§ Instructions to follow
The lines below, all of them, should be returned exactly as they appear.

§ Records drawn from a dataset

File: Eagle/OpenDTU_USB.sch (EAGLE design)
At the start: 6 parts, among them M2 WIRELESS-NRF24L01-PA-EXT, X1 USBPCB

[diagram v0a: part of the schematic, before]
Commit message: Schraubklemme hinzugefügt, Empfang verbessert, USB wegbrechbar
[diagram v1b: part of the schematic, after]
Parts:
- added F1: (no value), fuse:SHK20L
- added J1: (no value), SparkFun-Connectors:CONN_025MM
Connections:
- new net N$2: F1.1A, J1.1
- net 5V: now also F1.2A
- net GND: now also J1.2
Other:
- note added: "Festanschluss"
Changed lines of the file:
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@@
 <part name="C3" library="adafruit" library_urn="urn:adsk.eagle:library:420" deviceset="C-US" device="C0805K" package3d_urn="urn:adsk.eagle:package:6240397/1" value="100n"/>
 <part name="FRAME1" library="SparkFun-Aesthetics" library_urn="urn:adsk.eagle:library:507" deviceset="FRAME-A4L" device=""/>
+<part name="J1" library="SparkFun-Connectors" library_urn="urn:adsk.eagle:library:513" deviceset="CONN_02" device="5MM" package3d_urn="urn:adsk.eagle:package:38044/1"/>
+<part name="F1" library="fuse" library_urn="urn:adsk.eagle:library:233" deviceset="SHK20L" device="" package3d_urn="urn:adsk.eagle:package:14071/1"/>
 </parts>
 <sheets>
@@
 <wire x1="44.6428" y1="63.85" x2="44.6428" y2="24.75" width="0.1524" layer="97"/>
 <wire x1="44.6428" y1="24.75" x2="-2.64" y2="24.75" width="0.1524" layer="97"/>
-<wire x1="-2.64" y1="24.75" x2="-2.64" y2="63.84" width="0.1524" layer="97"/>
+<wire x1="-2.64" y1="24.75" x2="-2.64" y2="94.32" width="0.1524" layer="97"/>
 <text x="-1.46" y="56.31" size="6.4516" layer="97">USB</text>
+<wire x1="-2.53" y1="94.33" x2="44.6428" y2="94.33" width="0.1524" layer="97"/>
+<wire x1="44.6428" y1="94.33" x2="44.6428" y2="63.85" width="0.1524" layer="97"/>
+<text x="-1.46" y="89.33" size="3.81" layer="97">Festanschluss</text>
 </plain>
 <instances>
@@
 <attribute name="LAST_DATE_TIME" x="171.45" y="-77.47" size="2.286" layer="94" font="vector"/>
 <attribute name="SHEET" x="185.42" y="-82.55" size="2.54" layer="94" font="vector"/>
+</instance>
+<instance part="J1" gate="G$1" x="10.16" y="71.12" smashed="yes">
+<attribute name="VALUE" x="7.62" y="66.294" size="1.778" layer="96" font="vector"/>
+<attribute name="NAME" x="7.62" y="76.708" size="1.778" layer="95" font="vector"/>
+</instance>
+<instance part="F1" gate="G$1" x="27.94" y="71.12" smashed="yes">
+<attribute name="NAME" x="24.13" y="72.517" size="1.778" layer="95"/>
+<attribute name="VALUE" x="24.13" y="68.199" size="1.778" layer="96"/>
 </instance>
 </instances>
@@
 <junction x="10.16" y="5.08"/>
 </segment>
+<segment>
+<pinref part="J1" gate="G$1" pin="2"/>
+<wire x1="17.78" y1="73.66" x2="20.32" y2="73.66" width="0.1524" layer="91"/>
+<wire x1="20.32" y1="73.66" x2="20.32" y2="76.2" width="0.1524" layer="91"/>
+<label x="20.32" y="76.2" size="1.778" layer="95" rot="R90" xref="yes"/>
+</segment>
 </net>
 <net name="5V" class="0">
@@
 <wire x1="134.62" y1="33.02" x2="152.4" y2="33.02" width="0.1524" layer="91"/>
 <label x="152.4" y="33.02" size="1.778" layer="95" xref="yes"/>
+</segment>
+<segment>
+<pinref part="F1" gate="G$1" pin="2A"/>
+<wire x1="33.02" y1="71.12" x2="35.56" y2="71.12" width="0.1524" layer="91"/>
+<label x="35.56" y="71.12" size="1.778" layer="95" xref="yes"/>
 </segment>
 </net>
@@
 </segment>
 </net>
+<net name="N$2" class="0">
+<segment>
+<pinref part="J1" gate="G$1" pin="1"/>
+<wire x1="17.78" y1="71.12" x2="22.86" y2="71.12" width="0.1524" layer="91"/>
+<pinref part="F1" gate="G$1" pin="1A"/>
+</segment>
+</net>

§ Reply to the task
File: Eagle/OpenDTU_USB.sch (EAGLE design)
At the start: 6 parts, among them M2 WIRELESS-NRF24L01-PA-EXT, X1 USBPCB

[diagram v0a: part of the schematic, before]
Commit message: Schraubklemme hinzugefügt, Empfang verbessert, USB wegbrechbar
[diagram v1b: part of the schematic, after]
Parts:
- added F1: (no value), fuse:SHK20L
- added J1: (no value), SparkFun-Connectors:CONN_025MM
Connections:
- new net N$2: F1.1A, J1.1
- net 5V: now also F1.2A
- net GND: now also J1.2
Other:
- note added: "Festanschluss"
Changed lines of the file:
@@
 <part name="C3" library="adafruit" library_urn="urn:adsk.eagle:library:420" deviceset="C-US" device="C0805K" package3d_urn="urn:adsk.eagle:package:6240397/1" value="100n"/>
 <part name="FRAME1" library="SparkFun-Aesthetics" library_urn="urn:adsk.eagle:library:507" deviceset="FRAME-A4L" device=""/>
+<part name="J1" library="SparkFun-Connectors" library_urn="urn:adsk.eagle:library:513" deviceset="CONN_02" device="5MM" package3d_urn="urn:adsk.eagle:package:38044/1"/>
+<part name="F1" library="fuse" library_urn="urn:adsk.eagle:library:233" deviceset="SHK20L" device="" package3d_urn="urn:adsk.eagle:package:14071/1"/>
 </parts>
 <sheets>
@@
 <wire x1="44.6428" y1="63.85" x2="44.6428" y2="24.75" width="0.1524" layer="97"/>
 <wire x1="44.6428" y1="24.75" x2="-2.64" y2="24.75" width="0.1524" layer="97"/>
-<wire x1="-2.64" y1="24.75" x2="-2.64" y2="63.84" width="0.1524" layer="97"/>
+<wire x1="-2.64" y1="24.75" x2="-2.64" y2="94.32" width="0.1524" layer="97"/>
 <text x="-1.46" y="56.31" size="6.4516" layer="97">USB</text>
+<wire x1="-2.53" y1="94.33" x2="44.6428" y2="94.33" width="0.1524" layer="97"/>
+<wire x1="44.6428" y1="94.33" x2="44.6428" y2="63.85" width="0.1524" layer="97"/>
+<text x="-1.46" y="89.33" size="3.81" layer="97">Festanschluss</text>
 </plain>
 <instances>
@@
 <attribute name="LAST_DATE_TIME" x="171.45" y="-77.47" size="2.286" layer="94" font="vector"/>
 <attribute name="SHEET" x="185.42" y="-82.55" size="2.54" layer="94" font="vector"/>
+</instance>
+<instance part="J1" gate="G$1" x="10.16" y="71.12" smashed="yes">
+<attribute name="VALUE" x="7.62" y="66.294" size="1.778" layer="96" font="vector"/>
+<attribute name="NAME" x="7.62" y="76.708" size="1.778" layer="95" font="vector"/>
+</instance>
+<instance part="F1" gate="G$1" x="27.94" y="71.12" smashed="yes">
+<attribute name="NAME" x="24.13" y="72.517" size="1.778" layer="95"/>
+<attribute name="VALUE" x="24.13" y="68.199" size="1.778" layer="96"/>
 </instance>
 </instances>
@@
 <junction x="10.16" y="5.08"/>
 </segment>
+<segment>
+<pinref part="J1" gate="G$1" pin="2"/>
+<wire x1="17.78" y1="73.66" x2="20.32" y2="73.66" width="0.1524" layer="91"/>
+<wire x1="20.32" y1="73.66" x2="20.32" y2="76.2" width="0.1524" layer="91"/>
+<label x="20.32" y="76.2" size="1.778" layer="95" rot="R90" xref="yes"/>
+</segment>
 </net>
 <net name="5V" class="0">
@@
 <wire x1="134.62" y1="33.02" x2="152.4" y2="33.02" width="0.1524" layer="91"/>
 <label x="152.4" y="33.02" size="1.778" layer="95" xref="yes"/>
+</segment>
+<segment>
+<pinref part="F1" gate="G$1" pin="2A"/>
+<wire x1="33.02" y1="71.12" x2="35.56" y2="71.12" width="0.1524" layer="91"/>
+<label x="35.56" y="71.12" size="1.778" layer="95" xref="yes"/>
 </segment>
 </net>
@@
 </segment>
 </net>
+<net name="N$2" class="0">
+<segment>
+<pinref part="J1" gate="G$1" pin="1"/>
+<wire x1="17.78" y1="71.12" x2="22.86" y2="71.12" width="0.1524" layer="91"/>
+<pinref part="F1" gate="G$1" pin="1A"/>
+</segment>
+</net>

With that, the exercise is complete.